Spingendosi un po' più avanti, si potrebbe perfino arrivare a sostenere che il tentativo di preservare il mondo dall'inquinamento e dalla degradazione, di evitare l'estinzione di alcune specie animali, di tentare le terapie geniche e biochimiche verrebbe a perdere senso, qualora l'evoluzione biologica non fosse vera. O meglio, qualora i "decisori" – cioè i politici, gli amministratori e i responsabili della ricerca, dell'industria, della sanità – ritenessero che l'evoluzione non è né un fatto né una teoria (come ha improvvidamente affermato una passata ministra della Repubblica italiana: che chiaramente non aveva nessuna conoscenza di quel che diceva).

Che lo sappiano consapevolmente, o lo avvertano solo "per istinto", coloro che difendono le ragioni dell'evoluzione biologica dagli attacchi dell'irrazionalismo stanno in realtà difendendo alcuni importanti processi e dinamiche del mondo moderno.

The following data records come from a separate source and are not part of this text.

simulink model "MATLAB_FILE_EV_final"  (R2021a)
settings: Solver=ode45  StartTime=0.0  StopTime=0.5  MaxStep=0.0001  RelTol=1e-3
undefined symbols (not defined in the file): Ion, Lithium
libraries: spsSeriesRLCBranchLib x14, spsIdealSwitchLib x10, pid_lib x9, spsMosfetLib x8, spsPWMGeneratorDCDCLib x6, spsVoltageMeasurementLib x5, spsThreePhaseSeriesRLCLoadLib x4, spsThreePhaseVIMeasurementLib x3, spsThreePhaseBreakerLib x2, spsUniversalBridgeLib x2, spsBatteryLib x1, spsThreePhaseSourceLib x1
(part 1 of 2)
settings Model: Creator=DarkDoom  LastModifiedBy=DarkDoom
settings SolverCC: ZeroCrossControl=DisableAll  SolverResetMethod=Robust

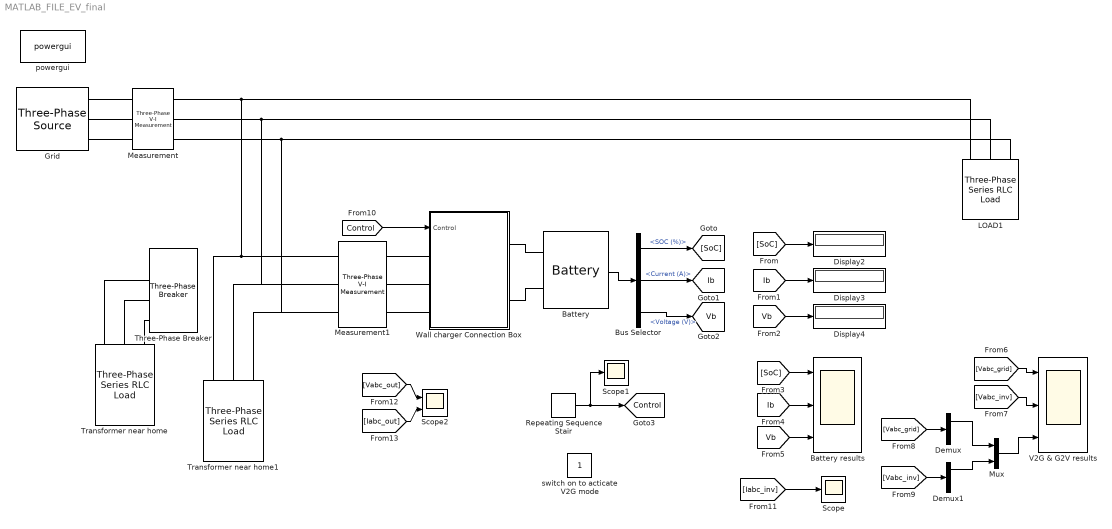
== system MATLAB_FILE_EV_final ==
  Battery : spsBatteryLib/Battery  BatType=Lithium-Ion  ShowTempParam=off  ThermalPreset=no  ShowAgeParam=off  NomV=230  NomQ=100  SOC=60  Batt_Tr=1e-3  PresetModel=on  MaxQ=100  MinV=172.5  FullV=267.717  Dis_rate=43.4783  R=0.023  Normal_OP=90.4348  expZone="[248.4887      4.913043]"  current=[6.5 13 32.5]  Units=Time  Tci=20  NomT=20  T2=-30  MaxQ2=4.8  FullV2=7.1  Normal_OP2=5.655  expZone2="[6.58           1]"  Rca=0.6  ti=2000  Dp=0  Neq0=0  Tsim=1e6  Ta1=25  Qeol=5.4*0.9  Reol=0.013333*1.2  Char_age=[2.3478, 3]  Dis_age=[2.3478, 10]  N1=1500  N2=10500  N3=1000  N4=1400  Ta2=45  N5=950
  Battery results : Scope  NumInputPorts=3
  Bus Selector : BusSelector  OutputSignals=SOC (%),Current (A),Voltage (V)
  Demux : Demux  Outputs=3
  Demux1 : Demux  Outputs=3
  Display2 : Display
  Display3 : Display
  Display4 : Display
  Grid : spsThreePhaseSourceLib/Three-Phase Source  InternalConnection=Yg  VoltagePhases=off  Voltage=380  PhaseAngle=0  Voltage_phases=[25e3 25e3 25e3]/sqrt(3)  PhaseAngles_phases=[0 -120 +120]  Frequency=50  NonIdealSource=on  SpecifyImpedance=on  Resistance=0.8929  Inductance=16.58e-3  ShortCircuitLevel=100e6  BaseVoltage=380  XRratio=7  BusType=swing  Pref=10e3  Qref=0  Prefabc=[10e3, 10e3, 10e3]  Qrefabc=[0, 0, 0]  Qmin=-inf  Qmax=inf
  LOAD1 : spsThreePhaseSeriesRLCLoadLib/Three-Phase Series RLC Load  LConnTagsString=A|B|C  Configuration=Y (grounded)  NominalVoltage=380  Vabc=[1e3 1e3 1e3]  Vabcp=[1e3 1e3 1e3]  NominalFrequency=50  UnbalancedPower=off  ActivePower=1e3  InductivePower=0  CapacitivePower=0  Pabc=[10e3 9e3 11e3]  QLabc=[100 90 110]  QCabc=[100 90 110]  Pabcp=[10e3 9e3 11e3]  QLabcp=[100 90 110]  QCabcp=[100 90 110]  Measurements=None  LoadType=constant Z
  Measurement : spsThreePhaseVIMeasurementLib/Three-Phase V-I Measurement  VoltageMeasurement=phase-to-ground  SetLabelV=on  LabelV=Vabc_grid  Vpu=off  VpuLL=off  CurrentMeasurement=yes  SetLabelI=on  LabelI=Iabc_grid  Ipu=off  Pbase=100e6  Vbase=500e3  OutputType=Complex  PhasorSimulation=off  PSBequivalent=0
  Measurement1 : spsThreePhaseVIMeasurementLib/Three-Phase V-I Measurement  VoltageMeasurement=phase-to-ground  SetLabelV=on  LabelV=Vabc_out  Vpu=off  VpuLL=off  CurrentMeasurement=yes  SetLabelI=on  LabelI=Iabc_out  Ipu=off  Pbase=100e6  Vbase=500e3  OutputType=Complex  PhasorSimulation=off  PSBequivalent=0
  Mux : Mux  Inputs=2
  Repeating Sequence Stair : simulink/Sources/Repeating Sequence Stair  OutValues=[0 0 1 1 0].'  tsamp=0.1  OutMin=[]  OutMax=[]  OutDataTypeStr=double  OutputDataTypeScalingMode=double  OutDataType=fixdt(0,8)  ConRadixGroup=Best Precision: Vector-wise  OutScaling=2^-12
  Scope : Scope
  Scope1 : Scope
  Scope2 : Scope  NumInputPorts=2
  Three-Phase Breaker : spsThreePhaseBreakerLib/Three-Phase Breaker  InitialState=open  SwitchA=on  SwitchB=on  SwitchC=on  SwitchTimes="[0.1  0.25]"  External=on  BreakerResistance=0.01  SnubberResistance=1e6  SnubberCapacitance=inf  Measurements=None
  Transformer near home : spsThreePhaseSeriesRLCLoadLib/Three-Phase Series RLC Load  LConnTagsString=A|B|C  Configuration=Y (grounded)  NominalVoltage=380  Vabc=[1e3 1e3 1e3]  Vabcp=[1e3 1e3 1e3]  NominalFrequency=50  UnbalancedPower=off  ActivePower=20e3  InductivePower=0  CapacitivePower=0  Pabc=[10e3 9e3 11e3]  QLabc=[100 90 110]  QCabc=[100 90 110]  Pabcp=[10e3 9e3 11e3]  QLabcp=[100 90 110]  QCabcp=[100 90 110]  Measurements=None  LoadType=constant Z
  Transformer near home1 : spsThreePhaseSeriesRLCLoadLib/Three-Phase Series RLC Load  LConnTagsString=A|B|C  Configuration=Y (grounded)  NominalVoltage=380  Vabc=[1e3 1e3 1e3]  Vabcp=[1e3 1e3 1e3]  NominalFrequency=50  UnbalancedPower=off  ActivePower=1e3  InductivePower=0  CapacitivePower=0  Pabc=[10e3 9e3 11e3]  QLabc=[100 90 110]  QCabc=[100 90 110]  Pabcp=[10e3 9e3 11e3]  QLabcp=[100 90 110]  QCabcp=[100 90 110]  Measurements=None  LoadType=constant Z
  V2G & G2V results : Scope  NumInputPorts=3
  Wall charger Connection Box : Subsystem
  powergui : spspowerguiLib/powergui  Priority=1  SimulationMode=Discrete  SampleTime=50e-6  frequency=60  Iterations=50  frequencyindice=0  Pbase=100e6  ErrMax=1e-4  UnitsV=kV  UnitsW=MW  buscounter=0  FunctionMessages=off  echomessages=off  EnableUseOfTLC=off  CurrentSourceSwitches=off  DisableSnubberDevices=off  DisableRonSwitches=off  DisableVfSwitches=off  DisplayEquations=off  AutomaticDiscreteSolvers=off  SolverType=Tustin/Backward Euler (TBE)  Interpol=off  ExternalGateDelay=off  methode=off  Ts=100  x0status=blocks  SPID=on  SwTol=0  HookPort=off  NonlinearTolerance=1e-4  nMaxIteration=100  ContinueOnMaxIteration=off  RestoreLinks=warning  ResistiveCurrentMeasurement=off  Frange=[0:2:500]  Ylog=off  Xlog=on  ShowGrid=off  save=off  variable=ZData  structure=0  ZoomFFT=off  StartTime=0.0  cycles=1  DisplayStyle=1  fundamental=60  FreqAxis=off  MaxFrequency=1000  frequencyindicesteady=1  RmsSteady=1  display=off
  switch on to acticate V2G mode : Constant  VectorParams1D=off
  tag scope: Control=global, Ib=global, Vb=global
  wires:
  [Control] -> Wall charger Connection Box/1(Control)
  Battery/1 -> Bus Selector/1
  Bus Selector/1 -> [SoC]  "<SOC (%)>"
  Bus Selector/2 -> [Ib]  "<Current (A)>"
  Bus Selector/3 -> [Vb]  "<Voltage (V)>"
  [SoC] -> Display2/1
  [Ib] -> Display3/1
  [Vb] -> Display4/1
  [SoC] -> Battery results/1
  [Ib] -> Battery results/2
  [Vb] -> Battery results/3
  [Vabc_grid] -> V2G & G2V results/1
  [Vabc_inv] -> V2G & G2V results/2
  [Vabc_grid] -> Demux/1
  [Vabc_inv] -> Demux1/1
  Demux/1 -> Mux/1
  Demux1/1 -> Mux/2
  Mux/1 -> V2G & G2V results/3
  [Iabc_inv] -> Scope/1
  Repeating Sequence Stair/1 -> [Control], Scope1/1
  [Vabc_out] -> Scope2/1
  [Iabc_out] -> Scope2/2
  connections:
  Grid/RConn1 -- Measurement/LConn1
  Grid/RConn2 -- Measurement/LConn2
  Grid/RConn3 -- Measurement/LConn3
  Transformer near home/LConn1 -- Three-Phase Breaker/LConn1
  Transformer near home/LConn2 -- Three-Phase Breaker/LConn2
  Transformer near home1/LConn3 -- Measurement1/LConn3 -- LOAD1/LConn3 -- Measurement/RConn3
  Wall charger Connection Box/RConn1 -- Battery/LConn1
  Wall charger Connection Box/RConn2 -- Battery/LConn2
  Wall charger Connection Box/LConn2 -- Measurement1/RConn2
  Wall charger Connection Box/LConn1 -- Measurement1/RConn1
  Wall charger Connection Box/LConn3 -- Measurement1/RConn3
  Transformer near home/LConn3 -- Three-Phase Breaker/LConn3
  Measurement1/LConn1 -- Transformer near home1/LConn1 -- Measurement/RConn1 -- LOAD1/LConn1
  Measurement/RConn2 -- Transformer near home1/LConn2 -- Measurement1/LConn2 -- LOAD1/LConn2

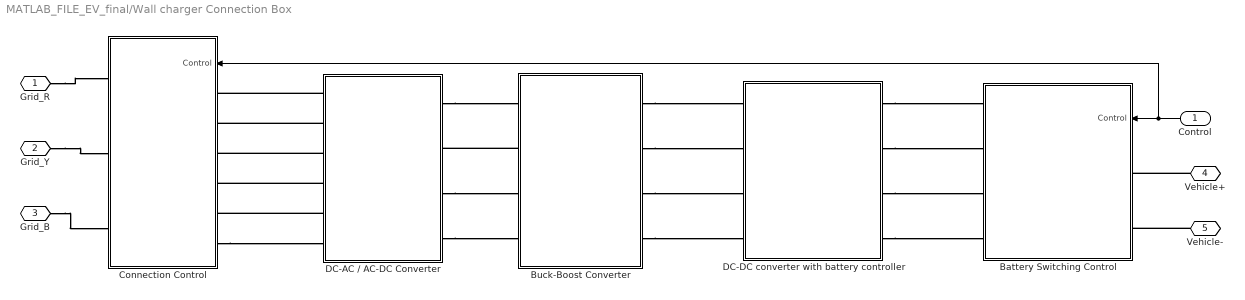
== system MATLAB_FILE_EV_final/Wall charger Connection Box ==
  Control : Inport
  Battery Switching Control : Subsystem
      settings: PortSchema="{\"entries\":[{\"content\":{\"sides\":[{\"content\":{\"connectorIds\":[\"LConn1\",\"LConn2\",\"LConn3\",\"LConn4\"]},\"type\":\"ConnectorPlacement.EquallySpacedRectSide\",\"uuid\":\"597ce45f-d2da-489f-9702-c83ae9b1152a\"},{\"content\":{\"connectorIds\":[\"In1\",\"RConn1\",\"RConn2\"],\"side\":\"RIGHT\"},\"type\":\"ConnectorPlacement.EquallySpacedRectSide\",\"uuid\":\"90ab1945-2787-45d6-b647-1c8eb49fe34d\"},{\"content\":{\"connectorIds\":[],\"side\":\"TOP\"},\"type\":\"ConnectorPlacement.EquallySpacedRectSide\",\"uuid\":\"5514c8fd-a1bb-4ed7-b1c0-08bce6a0e9e5\"}]},\"type\":\"ConnectorPlacement.EquallySpacedConnector\",\"uuid\":\"b6d566cb-31ba-40ab-ae9a-003997b713cb\"}],\"packageUris\":[\"http://schema.mathworks.com/mf0/Connector/R2020b\"],\"version\":\"1.0\"}"
  Buck-Boost Converter : Subsystem
  Connection Control : Subsystem
      settings: PortSchema="{\"entries\":[{\"content\":{\"sides\":[{\"content\":{\"connectorIds\":[\"LConn1\",\"LConn2\",\"LConn3\"]},\"type\":\"ConnectorPlacement.EquallySpacedRectSide\",\"uuid\":\"27ebf5cb-61b2-431e-8de2-c9344a0dfca5\"},{\"content\":{\"connectorIds\":[\"In1\",\"RConn1\",\"RConn2\",\"RConn3\",\"RConn4\",\"RConn5\",\"RConn6\"],\"side\":\"RIGHT\"},\"type\":\"ConnectorPlacement.EquallySpacedRectSide\",\"uuid\":\"2438100a-e43b-42f7-afa1-1af449516139\"},{\"content\":{\"connectorIds\":[],\"side\":\"TOP\"},\"type\":\"ConnectorPlacement.EquallySpacedRectSide\",\"uuid\":\"dcfa608d-f6dc-42e3-abf8-45a08af22825\"}]},\"type\":\"ConnectorPlacement.EquallySpacedConnector\",\"uuid\":\"5f0f36e8-f735-4489-a6f2-39fec655b509\"}],\"packageUris\":[\"http://schema.mathworks.com/mf0/Connector/R2020b\"],\"version\":\"1.0\"}"
  DC-AC / AC-DC Converter : Subsystem
  DC-DC converter with battery controller : Subsystem
  Grid_R : PMIOPort  Side=Left
  Grid_Y : PMIOPort  Port=2  Side=Left
  Grid_B : PMIOPort  Port=3  Side=Left
  Vehicle+ : PMIOPort  Port=4  Side=Right
  Vehicle- : PMIOPort  Port=5  Side=Right
  wires:
  Control/1 -> Connection Control/1(Control), Battery Switching Control/1(Control)
  connections:
  DC-AC / AC-DC Converter/LConn5 -- Connection Control/RConn5
  DC-AC / AC-DC Converter/LConn2 -- Connection Control/RConn2
  DC-DC converter with battery controller/RConn3 -- Battery Switching Control/LConn3
  Buck-Boost Converter/RConn2 -- DC-DC converter with battery controller/LConn2
  Grid_B/RConn1 -- Connection Control/LConn3
  DC-AC / AC-DC Converter/RConn3 -- Buck-Boost Converter/LConn3
  Grid_R/RConn1 -- Connection Control/LConn1
  DC-AC / AC-DC Converter/LConn1 -- Connection Control/RConn1
  Vehicle-/RConn1 -- Battery Switching Control/RConn2
  Vehicle+/RConn1 -- Battery Switching Control/RConn1
  Buck-Boost Converter/RConn4 -- DC-DC converter with battery controller/LConn4
  Grid_Y/RConn1 -- Connection Control/LConn2
  DC-AC / AC-DC Converter/LConn4 -- Connection Control/RConn4
  DC-DC converter with battery controller/RConn2 -- Battery Switching Control/LConn2
  DC-DC converter with battery controller/RConn1 -- Battery Switching Control/LConn1
  DC-DC converter with battery controller/RConn4 -- Battery Switching Control/LConn4
  Buck-Boost Converter/RConn1 -- DC-DC converter with battery controller/LConn1
  Buck-Boost Converter/LConn2 -- DC-AC / AC-DC Converter/RConn2
  DC-AC / AC-DC Converter/LConn3 -- Connection Control/RConn3
  DC-AC / AC-DC Converter/RConn1 -- Buck-Boost Converter/LConn1
  DC-AC / AC-DC Converter/RConn4 -- Buck-Boost Converter/LConn4
  Buck-Boost Converter/RConn3 -- DC-DC converter with battery controller/LConn3
  Connection Control/RConn6 -- DC-AC / AC-DC Converter/LConn6

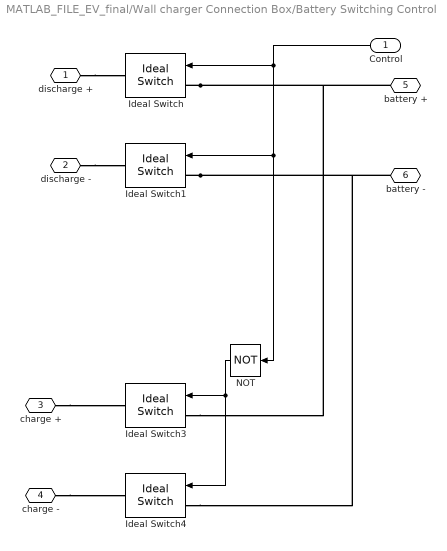
== system MATLAB_FILE_EV_final/Wall charger Connection Box/Battery Switching Control ==
  Control : Inport
  Ideal Switch{,1,3..4} (4 alike) : spsIdealSwitchLib/Ideal Switch  Ron=0.001  Lon=0  IC=0  Rs=1e5  Cs=inf  Measurements=off
  NOT : Logic  Operator=NOT  IconShape=distinctive  AllPortsSameDT=off  OutDataTypeStr=boolean
  discharge + : PMIOPort  Side=Left
  discharge - : PMIOPort  Port=2  Side=Left
  charge + : PMIOPort  Port=3  Side=Left
  charge - : PMIOPort  Port=4  Side=Left
  battery + : PMIOPort  Port=5  Side=Right
  battery - : PMIOPort  Port=6  Side=Right
  wires:
  Control/1 -> NOT/1, Ideal Switch1/1, Ideal Switch/1
  NOT/1 -> Ideal Switch4/1, Ideal Switch3/1
  connections:
  charge -/RConn1 -- Ideal Switch4/RConn1
  discharge +/RConn1 -- Ideal Switch/RConn1
  Ideal Switch1/LConn1 -- battery -/RConn1 -- Ideal Switch4/LConn1
  discharge -/RConn1 -- Ideal Switch1/RConn1
  Ideal Switch/LConn1 -- battery +/RConn1 -- Ideal Switch3/LConn1
  charge +/RConn1 -- Ideal Switch3/RConn1

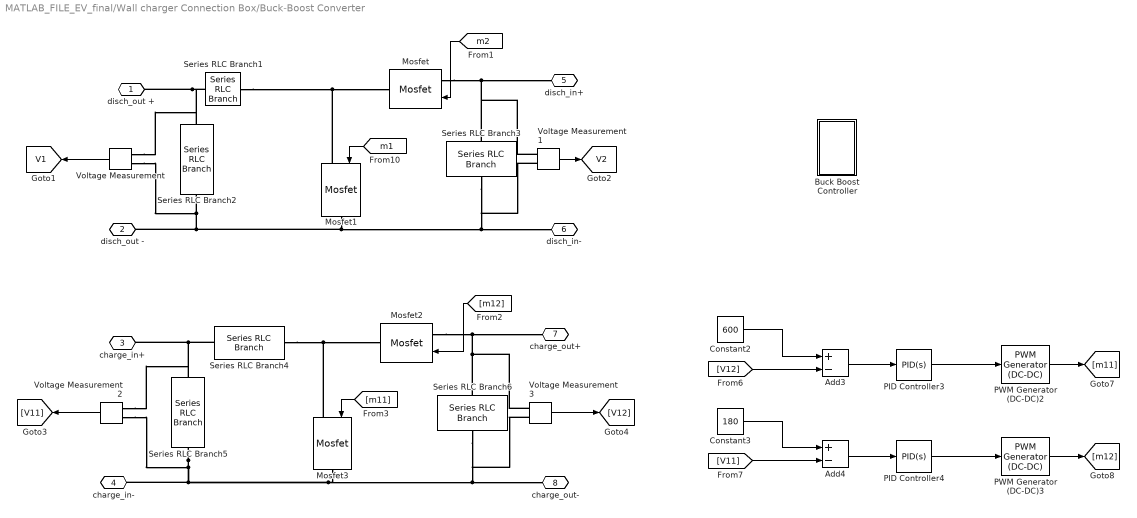
== system MATLAB_FILE_EV_final/Wall charger Connection Box/Buck-Boost Converter ==
  Add3 : Sum  Inputs=+-
  Add4 : Sum  Inputs=+-
  Buck Boost Controller : Subsystem
  Constant2 : Constant  Value=600
  Constant3 : Constant  Value=180
  Mosfet{,1..3} (4 alike) : spsMosfetLib/Mosfet  Ron=0.1  Lon=0  Rd=0.01  Vfd=0  IC=0  Rs=1e5  Cs=inf  Measurements=off
  PID Controller3 : pid_lib/PID Controller  Controller=PID  Form=Parallel  TimeDomain=Continuous-time  UseExternalTs=off  SampleTime=-1  IntegratorMethod=Forward Euler  FilterMethod=Forward Euler  ControllerParametersSource=internal  P=0  I=7  D=0  UseFilter=on  N=100  TunerSelectOption=Transfer Function Based (PID Tuner App)  InitialConditionSource=internal  InitialConditionForIntegrator=0  InitialConditionForFilter=0  DifferentiatorICPrevScaledInput=0  ExternalReset=none  TrackingMode=off  Kt=1  LimitOutput=off  SatLimitsSource=internal  UpperSaturationLimit=inf  LowerSaturationLimit=-inf  LinearizeAsGain=on  AntiWindupMode=none  Kb=1  POutMin=[]  POutMax=[]  IOutMin=[]  IOutMax=[]  DOutMin=[]  DOutMax=[]  NOutMin=[]  NOutMax=[]  SumOutMin=[]  SumOutMax=[]  SaturationOutMin=[]  SaturationOutMax=[]  PParamMin=[]  PParamMax=[]  IParamMin=[]  IParamMax=[]  DParamMin=[]  DParamMax=[]  NParamMin=[]  NParamMax=[]  KbParamMin=[]  KbParamMax=[]  KtParamMin=[]  KtParamMax=[]  KbOutMin=[]  KbOutMax=[]  KtOutMin=[]  KtOutMax=[]  IntegratorOutMin=[]  IntegratorOutMax=[]  FilterOutMin=[]  FilterOutMax=[]  SumI1OutMin=[]  SumI1OutMax=[]  SumI2OutMin=[]  SumI2OutMax=[]  SumI3OutMin=[]  SumI3OutMax=[]  SumI4OutMin=[]  SumI4OutMax=[]  SumDOutMin=[]  SumDOutMax=[]  DifferentiatorOutMin=[]  DifferentiatorOutMax=[]  FilterDiffOutCoefMin=[]  FilterDiffOutCoefMax=[]  ReciprocalOutMin=[]  ReciprocalOutMax=[]  SumDenOutMin=[]  SumDenOutMax=[]  SumNumOutMin=[]  SumNumOutMax=[]  DivideOutMin=[]  DivideOutMax=[]  UdiffTsProdOutMin=[]  UdiffTsProdOutMax=[]  NTsProdOutMin=[]  NTsProdOutMax=[]  UintegralTsProdOutMin=[]  UintegralTsProdOutMax=[]  UngainTsProdOutMin=[]  UngainTsProdOutMax=[]  IntegratorContinuousStateAttributes=''  IntegratorStateMustResolveToSignalObject=off  IntegratorRTWStateStorageClass=Auto  FilterContinuousStateAttributes=''  FilterStateMustResolveToSignalObject=off  FilterRTWStateStorageClass=Auto  ParallelPVariant=InternalParameters  IdealPVariant=Disabled  IVariant=InternalParameters  DVariant=InternalParameters  IntegratorVariant=Continuous  SatVariant=Disabled  AWVariant=Passthrough  PCopyVariant=Disabled  TRVariant=Disabled  FdbkBlocksVariant=Forward  IdealPFdbkVariant=Disabled  SatFdbkVariant=Disabled  DerivativeFilterVariant=ContFilter  NVariant=InternalParameters  NCopyVariant=Disabled  FilterICVariant=InternalICsFilter  IntegratorICVariant=InternalICs  ExternalResetVariant=Disabled  TRSumVariant=Passthrough  SumFdbkVariant=Disabled  SumVariant=Sum_PID  TsampFilterVariant=InternalTs  TsampNgainVariant=Passthrough  TsampIntegralVariant=Passthrough  ExternalSaturationOutDataTypeStr=Inherit: Same as second input
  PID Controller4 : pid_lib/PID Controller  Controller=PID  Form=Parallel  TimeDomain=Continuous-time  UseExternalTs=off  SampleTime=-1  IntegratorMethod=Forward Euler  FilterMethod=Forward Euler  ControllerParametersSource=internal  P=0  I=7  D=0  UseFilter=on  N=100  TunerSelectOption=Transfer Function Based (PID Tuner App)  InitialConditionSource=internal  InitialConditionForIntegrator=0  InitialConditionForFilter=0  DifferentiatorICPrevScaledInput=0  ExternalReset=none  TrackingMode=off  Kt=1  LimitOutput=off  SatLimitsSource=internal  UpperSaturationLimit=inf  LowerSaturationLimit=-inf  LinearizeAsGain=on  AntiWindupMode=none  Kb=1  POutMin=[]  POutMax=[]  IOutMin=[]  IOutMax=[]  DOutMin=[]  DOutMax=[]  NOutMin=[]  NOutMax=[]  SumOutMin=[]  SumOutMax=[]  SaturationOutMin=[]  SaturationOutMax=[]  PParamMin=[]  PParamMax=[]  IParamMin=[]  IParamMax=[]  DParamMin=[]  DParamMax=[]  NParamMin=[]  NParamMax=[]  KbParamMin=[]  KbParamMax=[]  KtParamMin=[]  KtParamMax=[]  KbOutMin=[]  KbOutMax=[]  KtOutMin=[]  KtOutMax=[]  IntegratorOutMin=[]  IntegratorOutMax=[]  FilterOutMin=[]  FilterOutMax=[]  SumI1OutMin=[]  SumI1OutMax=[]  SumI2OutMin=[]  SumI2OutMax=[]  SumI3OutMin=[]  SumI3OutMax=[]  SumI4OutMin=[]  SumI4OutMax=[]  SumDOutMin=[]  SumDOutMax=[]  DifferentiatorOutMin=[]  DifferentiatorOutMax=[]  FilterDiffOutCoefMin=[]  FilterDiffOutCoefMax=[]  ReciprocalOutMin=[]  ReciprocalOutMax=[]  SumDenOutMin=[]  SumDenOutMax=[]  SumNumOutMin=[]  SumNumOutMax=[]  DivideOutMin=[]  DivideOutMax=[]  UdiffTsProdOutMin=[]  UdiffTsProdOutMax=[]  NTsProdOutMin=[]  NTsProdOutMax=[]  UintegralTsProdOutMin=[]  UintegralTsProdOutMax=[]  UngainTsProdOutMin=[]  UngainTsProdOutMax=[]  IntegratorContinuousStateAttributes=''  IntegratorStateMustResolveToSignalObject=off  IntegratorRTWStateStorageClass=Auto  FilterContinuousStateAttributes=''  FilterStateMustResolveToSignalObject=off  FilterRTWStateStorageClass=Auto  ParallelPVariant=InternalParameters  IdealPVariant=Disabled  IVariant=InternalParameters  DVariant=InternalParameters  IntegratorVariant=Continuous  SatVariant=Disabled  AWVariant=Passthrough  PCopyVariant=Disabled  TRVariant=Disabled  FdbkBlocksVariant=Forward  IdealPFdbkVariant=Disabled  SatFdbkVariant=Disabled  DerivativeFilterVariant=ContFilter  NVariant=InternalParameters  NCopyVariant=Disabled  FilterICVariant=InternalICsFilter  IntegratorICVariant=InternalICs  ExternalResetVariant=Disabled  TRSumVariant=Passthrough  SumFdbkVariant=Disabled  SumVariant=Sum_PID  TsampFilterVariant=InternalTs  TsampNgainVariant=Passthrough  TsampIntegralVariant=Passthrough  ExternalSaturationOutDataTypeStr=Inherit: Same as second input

Stanno contrastando l'erosione del progresso conseguito da parte di istanze irrazionalistiche, che vorrebbero la società governata soprattutto da "ideologie" e "rivelazioni". Normale, quindi, che non reprimano nervosismo e fastidio alle pretese degli antievoluzionisti e dell'ID; che eccedano talvolta nei toni e finiscano per cadere anche loro nella tentazione delle affermazioni e delle condanne apodittiche. Se avessero più pazienza, vedrebbero le evidenze scientifiche sull'evoluzione imporsi anche senza tanti contrasti, proprio come è successo con le altre teorie della scienza, oggi felicemente residenti nel bagaglio delle conoscenze comuni. È il destino storico di ogni conoscenza scientifica... checché dicano di desiderare gli ultimi epigoni di un antievoluzionismo pre-scientifico.